GoCD optimisation – push-style webhooks for pipeline scheduling
Our last GoCD blog post looked at our journey with GoCD since 2012. Today, we are sharing our GoCD optimisation work, explaining how we have improved push-style webhooks for pipeline scheduling.
Catalyst’s Cloud Infrastructure Team work with GoCD day in, day out. To date, we have created 535 pipelines.
How push-style webhooks for pipeline scheduling work
Most of the pipelines created by the Catalyst IT Team have been created with two Git repositories associated with them: one for the primary code and the other for the upstream project. This enables us to automatically merge in security patches.
By default, the GoCD server polls the two Git repositories looking for changes, to decide if a new pipeline build needs to be started. This polling approach leads to:
• Continuously high CPU usage on the GoCD server;
• Continuous Git checkout traffic from Gitlab to GoCD, and;
• Potentially long wait times between a code push from developers and the pipeline starting.
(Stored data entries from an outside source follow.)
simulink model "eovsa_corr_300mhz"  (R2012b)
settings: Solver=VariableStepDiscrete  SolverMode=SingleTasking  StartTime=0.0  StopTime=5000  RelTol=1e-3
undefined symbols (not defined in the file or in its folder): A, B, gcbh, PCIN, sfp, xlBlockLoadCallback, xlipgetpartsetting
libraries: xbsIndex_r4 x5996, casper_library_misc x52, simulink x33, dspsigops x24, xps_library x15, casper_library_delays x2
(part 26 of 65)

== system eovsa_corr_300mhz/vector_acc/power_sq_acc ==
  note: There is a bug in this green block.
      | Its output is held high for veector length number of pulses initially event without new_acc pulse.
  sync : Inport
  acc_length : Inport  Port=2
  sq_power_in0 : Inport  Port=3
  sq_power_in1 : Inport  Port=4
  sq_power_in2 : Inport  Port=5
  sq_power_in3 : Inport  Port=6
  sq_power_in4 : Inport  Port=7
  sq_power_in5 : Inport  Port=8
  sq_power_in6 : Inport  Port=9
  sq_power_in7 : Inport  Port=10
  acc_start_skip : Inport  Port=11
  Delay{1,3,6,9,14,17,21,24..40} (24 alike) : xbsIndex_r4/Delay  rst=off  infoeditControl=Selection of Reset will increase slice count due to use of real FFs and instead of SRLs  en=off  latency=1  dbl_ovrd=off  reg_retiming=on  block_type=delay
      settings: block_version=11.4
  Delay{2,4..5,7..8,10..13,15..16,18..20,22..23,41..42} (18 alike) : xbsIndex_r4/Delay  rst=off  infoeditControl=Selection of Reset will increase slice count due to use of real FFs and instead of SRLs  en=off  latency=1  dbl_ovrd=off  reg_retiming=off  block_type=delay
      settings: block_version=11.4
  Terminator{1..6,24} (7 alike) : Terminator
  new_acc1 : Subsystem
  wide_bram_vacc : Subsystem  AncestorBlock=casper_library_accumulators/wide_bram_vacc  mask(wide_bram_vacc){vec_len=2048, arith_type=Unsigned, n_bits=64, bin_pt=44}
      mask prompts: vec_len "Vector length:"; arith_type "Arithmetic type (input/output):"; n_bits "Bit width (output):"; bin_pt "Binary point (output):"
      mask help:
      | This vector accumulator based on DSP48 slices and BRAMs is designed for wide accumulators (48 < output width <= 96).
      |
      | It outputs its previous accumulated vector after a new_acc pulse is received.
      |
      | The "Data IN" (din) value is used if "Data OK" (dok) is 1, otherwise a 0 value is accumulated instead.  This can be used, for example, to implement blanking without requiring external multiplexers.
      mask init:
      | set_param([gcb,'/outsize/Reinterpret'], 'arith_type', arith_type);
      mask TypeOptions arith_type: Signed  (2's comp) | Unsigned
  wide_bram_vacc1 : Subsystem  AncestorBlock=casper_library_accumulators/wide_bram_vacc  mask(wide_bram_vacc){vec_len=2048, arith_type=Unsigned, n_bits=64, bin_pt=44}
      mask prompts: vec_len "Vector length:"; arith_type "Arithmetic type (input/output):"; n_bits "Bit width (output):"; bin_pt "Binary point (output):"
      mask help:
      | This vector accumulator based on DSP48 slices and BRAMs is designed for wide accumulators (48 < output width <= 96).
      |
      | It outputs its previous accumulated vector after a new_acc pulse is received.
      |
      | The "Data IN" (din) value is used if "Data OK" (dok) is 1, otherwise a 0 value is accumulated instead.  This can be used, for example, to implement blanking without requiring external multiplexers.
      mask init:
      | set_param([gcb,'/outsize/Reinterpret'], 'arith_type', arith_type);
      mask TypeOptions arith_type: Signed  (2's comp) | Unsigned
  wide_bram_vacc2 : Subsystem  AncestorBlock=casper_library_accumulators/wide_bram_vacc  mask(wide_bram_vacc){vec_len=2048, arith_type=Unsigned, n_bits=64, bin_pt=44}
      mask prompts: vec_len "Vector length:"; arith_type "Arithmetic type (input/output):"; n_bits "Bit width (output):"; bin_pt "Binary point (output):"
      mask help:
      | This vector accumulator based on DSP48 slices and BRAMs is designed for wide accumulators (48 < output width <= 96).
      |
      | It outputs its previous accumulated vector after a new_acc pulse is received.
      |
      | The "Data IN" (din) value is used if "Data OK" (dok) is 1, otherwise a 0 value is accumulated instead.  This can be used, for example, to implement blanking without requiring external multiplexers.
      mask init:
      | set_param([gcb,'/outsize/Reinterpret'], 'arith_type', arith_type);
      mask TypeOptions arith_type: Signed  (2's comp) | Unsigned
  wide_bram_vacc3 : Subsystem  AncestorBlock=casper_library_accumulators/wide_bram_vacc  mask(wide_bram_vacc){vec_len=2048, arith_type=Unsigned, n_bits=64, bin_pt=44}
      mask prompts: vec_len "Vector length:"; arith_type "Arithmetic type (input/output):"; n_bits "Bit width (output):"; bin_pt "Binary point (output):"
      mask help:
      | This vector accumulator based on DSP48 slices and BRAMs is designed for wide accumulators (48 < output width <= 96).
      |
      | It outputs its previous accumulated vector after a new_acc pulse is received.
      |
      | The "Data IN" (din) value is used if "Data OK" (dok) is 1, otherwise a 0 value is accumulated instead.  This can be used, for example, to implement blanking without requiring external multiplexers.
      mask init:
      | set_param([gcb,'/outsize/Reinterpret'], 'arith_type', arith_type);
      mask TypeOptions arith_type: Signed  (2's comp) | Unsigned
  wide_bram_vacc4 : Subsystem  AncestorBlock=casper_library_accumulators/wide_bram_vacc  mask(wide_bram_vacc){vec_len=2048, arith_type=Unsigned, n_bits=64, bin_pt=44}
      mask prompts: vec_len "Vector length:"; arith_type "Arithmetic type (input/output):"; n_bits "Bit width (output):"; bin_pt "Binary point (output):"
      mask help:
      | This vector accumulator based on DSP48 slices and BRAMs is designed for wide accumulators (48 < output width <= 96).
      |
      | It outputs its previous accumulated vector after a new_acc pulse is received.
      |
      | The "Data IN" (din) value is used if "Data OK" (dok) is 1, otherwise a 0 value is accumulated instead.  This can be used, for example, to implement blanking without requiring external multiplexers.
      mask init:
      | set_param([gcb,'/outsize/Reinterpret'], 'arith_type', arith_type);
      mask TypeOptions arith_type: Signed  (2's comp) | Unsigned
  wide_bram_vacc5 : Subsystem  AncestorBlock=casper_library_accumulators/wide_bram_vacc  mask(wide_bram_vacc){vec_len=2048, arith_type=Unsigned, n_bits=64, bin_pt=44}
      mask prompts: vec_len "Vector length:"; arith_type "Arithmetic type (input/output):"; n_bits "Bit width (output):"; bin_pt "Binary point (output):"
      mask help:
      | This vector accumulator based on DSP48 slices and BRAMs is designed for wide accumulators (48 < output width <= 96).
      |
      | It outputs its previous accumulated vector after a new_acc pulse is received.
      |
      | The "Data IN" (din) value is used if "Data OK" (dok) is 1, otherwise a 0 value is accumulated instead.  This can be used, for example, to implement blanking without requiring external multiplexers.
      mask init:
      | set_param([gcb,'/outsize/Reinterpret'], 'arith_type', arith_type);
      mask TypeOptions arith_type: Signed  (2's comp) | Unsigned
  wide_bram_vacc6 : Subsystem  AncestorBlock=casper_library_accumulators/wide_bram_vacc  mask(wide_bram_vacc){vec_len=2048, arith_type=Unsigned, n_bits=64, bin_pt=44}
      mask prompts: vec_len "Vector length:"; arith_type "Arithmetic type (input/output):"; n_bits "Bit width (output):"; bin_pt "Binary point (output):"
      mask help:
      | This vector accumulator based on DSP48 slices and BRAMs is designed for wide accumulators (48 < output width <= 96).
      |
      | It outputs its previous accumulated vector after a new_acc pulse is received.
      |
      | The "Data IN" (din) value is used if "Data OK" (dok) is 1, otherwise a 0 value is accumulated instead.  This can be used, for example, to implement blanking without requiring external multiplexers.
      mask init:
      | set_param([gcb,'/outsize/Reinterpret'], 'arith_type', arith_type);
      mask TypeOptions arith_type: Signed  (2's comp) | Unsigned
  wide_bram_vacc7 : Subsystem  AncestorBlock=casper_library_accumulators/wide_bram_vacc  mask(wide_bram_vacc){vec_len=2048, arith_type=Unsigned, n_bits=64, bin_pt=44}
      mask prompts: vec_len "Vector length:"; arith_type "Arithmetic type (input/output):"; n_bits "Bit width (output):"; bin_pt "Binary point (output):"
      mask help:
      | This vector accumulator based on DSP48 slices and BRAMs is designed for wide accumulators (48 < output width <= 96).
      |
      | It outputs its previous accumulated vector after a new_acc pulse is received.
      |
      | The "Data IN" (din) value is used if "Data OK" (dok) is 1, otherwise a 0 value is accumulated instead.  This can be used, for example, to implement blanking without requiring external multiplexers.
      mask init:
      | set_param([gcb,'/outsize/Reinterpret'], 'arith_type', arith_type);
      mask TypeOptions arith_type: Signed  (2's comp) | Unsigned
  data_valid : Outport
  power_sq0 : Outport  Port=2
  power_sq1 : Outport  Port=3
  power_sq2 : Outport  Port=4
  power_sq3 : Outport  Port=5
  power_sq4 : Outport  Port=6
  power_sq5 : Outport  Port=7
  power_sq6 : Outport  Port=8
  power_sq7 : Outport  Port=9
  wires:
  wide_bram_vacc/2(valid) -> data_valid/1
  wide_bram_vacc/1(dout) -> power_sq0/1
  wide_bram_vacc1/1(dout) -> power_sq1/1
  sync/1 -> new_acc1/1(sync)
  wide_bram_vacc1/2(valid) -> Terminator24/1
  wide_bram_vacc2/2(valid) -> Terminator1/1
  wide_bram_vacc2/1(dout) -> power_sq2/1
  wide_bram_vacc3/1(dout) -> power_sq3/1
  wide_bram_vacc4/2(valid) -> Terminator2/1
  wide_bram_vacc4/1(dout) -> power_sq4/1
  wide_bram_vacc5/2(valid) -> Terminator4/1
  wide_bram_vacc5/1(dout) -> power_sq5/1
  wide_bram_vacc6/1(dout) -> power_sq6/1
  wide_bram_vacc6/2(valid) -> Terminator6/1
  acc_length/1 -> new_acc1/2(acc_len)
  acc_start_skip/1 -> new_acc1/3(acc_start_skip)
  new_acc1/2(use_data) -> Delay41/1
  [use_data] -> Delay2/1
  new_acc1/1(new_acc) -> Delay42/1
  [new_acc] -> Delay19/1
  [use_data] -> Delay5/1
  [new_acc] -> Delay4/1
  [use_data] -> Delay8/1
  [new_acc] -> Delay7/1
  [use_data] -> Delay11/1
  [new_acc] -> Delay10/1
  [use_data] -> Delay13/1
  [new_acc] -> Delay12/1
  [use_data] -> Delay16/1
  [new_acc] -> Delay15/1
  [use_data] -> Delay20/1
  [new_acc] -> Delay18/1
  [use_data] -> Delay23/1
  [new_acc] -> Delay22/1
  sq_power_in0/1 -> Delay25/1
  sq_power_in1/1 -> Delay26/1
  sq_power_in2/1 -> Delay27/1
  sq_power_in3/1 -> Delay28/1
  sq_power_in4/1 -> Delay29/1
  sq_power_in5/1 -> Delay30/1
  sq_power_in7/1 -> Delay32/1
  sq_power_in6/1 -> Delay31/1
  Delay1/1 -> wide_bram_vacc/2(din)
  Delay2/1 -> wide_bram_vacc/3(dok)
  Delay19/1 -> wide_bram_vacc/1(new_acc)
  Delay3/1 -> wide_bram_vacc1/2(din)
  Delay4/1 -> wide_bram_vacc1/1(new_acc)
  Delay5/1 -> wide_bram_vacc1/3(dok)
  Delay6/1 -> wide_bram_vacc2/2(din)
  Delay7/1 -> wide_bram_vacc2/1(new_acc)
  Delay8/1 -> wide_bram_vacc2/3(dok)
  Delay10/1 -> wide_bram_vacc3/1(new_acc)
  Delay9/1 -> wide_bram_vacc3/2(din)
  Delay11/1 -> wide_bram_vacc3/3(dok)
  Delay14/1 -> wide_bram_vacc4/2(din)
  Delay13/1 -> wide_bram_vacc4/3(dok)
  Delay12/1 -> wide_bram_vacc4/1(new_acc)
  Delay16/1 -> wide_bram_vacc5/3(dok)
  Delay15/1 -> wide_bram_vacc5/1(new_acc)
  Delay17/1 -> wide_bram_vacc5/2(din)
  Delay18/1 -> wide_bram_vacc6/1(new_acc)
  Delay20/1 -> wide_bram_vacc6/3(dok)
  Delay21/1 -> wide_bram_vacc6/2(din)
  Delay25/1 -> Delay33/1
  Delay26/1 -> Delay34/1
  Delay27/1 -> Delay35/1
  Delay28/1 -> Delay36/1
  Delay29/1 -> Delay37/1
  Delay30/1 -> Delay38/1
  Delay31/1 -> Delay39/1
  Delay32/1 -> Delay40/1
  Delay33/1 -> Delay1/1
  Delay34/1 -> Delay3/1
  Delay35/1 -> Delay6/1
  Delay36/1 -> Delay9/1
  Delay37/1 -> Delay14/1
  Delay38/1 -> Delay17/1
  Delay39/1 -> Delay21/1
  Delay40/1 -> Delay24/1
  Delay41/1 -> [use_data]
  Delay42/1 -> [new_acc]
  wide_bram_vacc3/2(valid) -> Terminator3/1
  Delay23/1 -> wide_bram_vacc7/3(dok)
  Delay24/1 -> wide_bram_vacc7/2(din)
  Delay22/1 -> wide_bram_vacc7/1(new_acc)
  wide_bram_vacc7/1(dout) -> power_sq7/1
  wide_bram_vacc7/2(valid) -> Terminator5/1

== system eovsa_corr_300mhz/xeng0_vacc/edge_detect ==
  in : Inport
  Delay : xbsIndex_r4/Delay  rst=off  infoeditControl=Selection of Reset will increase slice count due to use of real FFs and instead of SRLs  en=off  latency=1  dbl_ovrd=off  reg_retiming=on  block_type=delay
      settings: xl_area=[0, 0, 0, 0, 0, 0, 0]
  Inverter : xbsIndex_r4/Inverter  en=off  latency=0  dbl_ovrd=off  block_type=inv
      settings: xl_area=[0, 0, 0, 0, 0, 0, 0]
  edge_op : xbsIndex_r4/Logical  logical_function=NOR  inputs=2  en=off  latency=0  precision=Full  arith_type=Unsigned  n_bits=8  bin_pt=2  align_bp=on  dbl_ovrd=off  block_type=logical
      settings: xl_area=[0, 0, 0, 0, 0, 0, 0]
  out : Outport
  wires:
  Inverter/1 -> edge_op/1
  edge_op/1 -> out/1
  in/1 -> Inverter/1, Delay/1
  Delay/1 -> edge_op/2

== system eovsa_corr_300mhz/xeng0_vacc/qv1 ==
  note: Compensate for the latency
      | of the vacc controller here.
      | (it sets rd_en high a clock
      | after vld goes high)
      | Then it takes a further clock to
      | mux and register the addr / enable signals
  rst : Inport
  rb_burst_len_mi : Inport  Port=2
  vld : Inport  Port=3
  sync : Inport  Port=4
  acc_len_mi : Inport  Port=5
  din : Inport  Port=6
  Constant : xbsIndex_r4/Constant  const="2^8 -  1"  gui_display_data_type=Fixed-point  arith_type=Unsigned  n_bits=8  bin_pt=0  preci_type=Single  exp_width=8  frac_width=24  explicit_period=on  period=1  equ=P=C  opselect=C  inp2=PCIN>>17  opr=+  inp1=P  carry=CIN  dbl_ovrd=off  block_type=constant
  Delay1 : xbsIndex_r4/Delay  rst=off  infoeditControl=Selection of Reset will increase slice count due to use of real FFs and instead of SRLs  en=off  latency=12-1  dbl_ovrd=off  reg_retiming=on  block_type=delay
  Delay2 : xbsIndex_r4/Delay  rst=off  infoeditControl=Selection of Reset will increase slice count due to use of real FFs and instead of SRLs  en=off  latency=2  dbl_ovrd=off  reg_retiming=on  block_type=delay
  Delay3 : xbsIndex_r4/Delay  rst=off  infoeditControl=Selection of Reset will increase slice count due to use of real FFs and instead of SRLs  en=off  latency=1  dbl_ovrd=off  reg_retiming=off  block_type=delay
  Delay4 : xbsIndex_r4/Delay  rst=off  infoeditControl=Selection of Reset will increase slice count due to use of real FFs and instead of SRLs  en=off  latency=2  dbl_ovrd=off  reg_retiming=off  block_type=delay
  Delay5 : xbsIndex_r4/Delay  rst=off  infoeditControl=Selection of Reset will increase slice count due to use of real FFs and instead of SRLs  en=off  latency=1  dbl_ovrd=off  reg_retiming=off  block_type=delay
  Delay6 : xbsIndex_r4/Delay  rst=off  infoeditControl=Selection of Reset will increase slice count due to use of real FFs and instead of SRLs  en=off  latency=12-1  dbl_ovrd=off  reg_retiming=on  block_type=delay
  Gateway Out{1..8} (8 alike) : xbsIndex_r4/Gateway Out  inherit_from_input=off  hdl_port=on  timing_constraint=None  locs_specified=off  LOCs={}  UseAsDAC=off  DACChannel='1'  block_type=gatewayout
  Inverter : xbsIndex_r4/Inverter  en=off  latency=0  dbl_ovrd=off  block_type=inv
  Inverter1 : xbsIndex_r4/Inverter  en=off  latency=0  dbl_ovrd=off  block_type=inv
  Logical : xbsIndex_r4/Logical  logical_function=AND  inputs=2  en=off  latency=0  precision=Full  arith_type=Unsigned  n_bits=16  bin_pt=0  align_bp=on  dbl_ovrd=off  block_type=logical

Gitlab has the ability to fire a HTTP request off for every Git push event. These requests contain a JSON payload, detailing what has changed. You can find more information at Gitlab.
The JSON object contains two pieces of information that we need:
• The Git URL, and;
• Details of the branch the commit was pushed to.
The GoCD API server has an API that can be used to trigger a pipeline. You can find the details at this page: https://api.gocd.org/current/#scheduling-pipelines
The system hooks that Gitlab generates are not compatible with the GoCD API.
The optimisation solution – middleware
The Catalyst IT Team wrote a Python application to overcome the challenges in the existing process: The solution:
• Maintains a cache of all pipelines and their associated Git materials and branches;
• Receives Gitlab system hooks events;
• Looks up the correct pipelines for matching materials and pipelines;
• Schedules pipelines to run as required. Will make multiple API calls to GoCD if a Git repository is used on more than one pipeline, and;
• Refreshes the internal pipeline cache whenever the repository that defines the pipelines is changed.
The difference the solution made
Reduced CPU utilisation on the GoCD server
CPU utilisation on the GoCD server fell massively as soon as polling on the internal pipelines was turned off. Going forward, it’s likely we will make further improvements as we turn more external repositories over to the new push-style notifications.
Lighter network traffic from GitLab
The network traffic from GitLab showed a big drop, the consistently high baseload of 8GB/hour that was previously needed, is no longer required.
Improved GoCD response times
By default, GoCD polling of materials occurs every minute, with a maximum of ten materials at a time. In practice, this means that developers can wait up to five minutes for a pipeline to kick off after a Git change. With the new process in place, this now takes just a few seconds.
The new solution has delivered a number of cost savings, as:
• The GoCD server and Gitlab servers now run on smaller AWS instances;
• Gitlab to GoCD server traffic is substantially down, which means there is a significant reduction in cross-AZ traffic;
• The GocCD server needs less internal disk space to cache infrequently run pipelines, which means smaller EBS volumes, and;
• Developers spend less time waiting for pipelines.
Innovation in Managed Services
This GoCD optimisation initiative is a great example of the work the Catalyst IT Team deliver to ensure our cloud infrastructure is high performing, industry leading and cost-effective. Delivering and maintaining high availability solutions for our enterprise-level, multi-region clients is our responsibility and at the forefront of everything we do.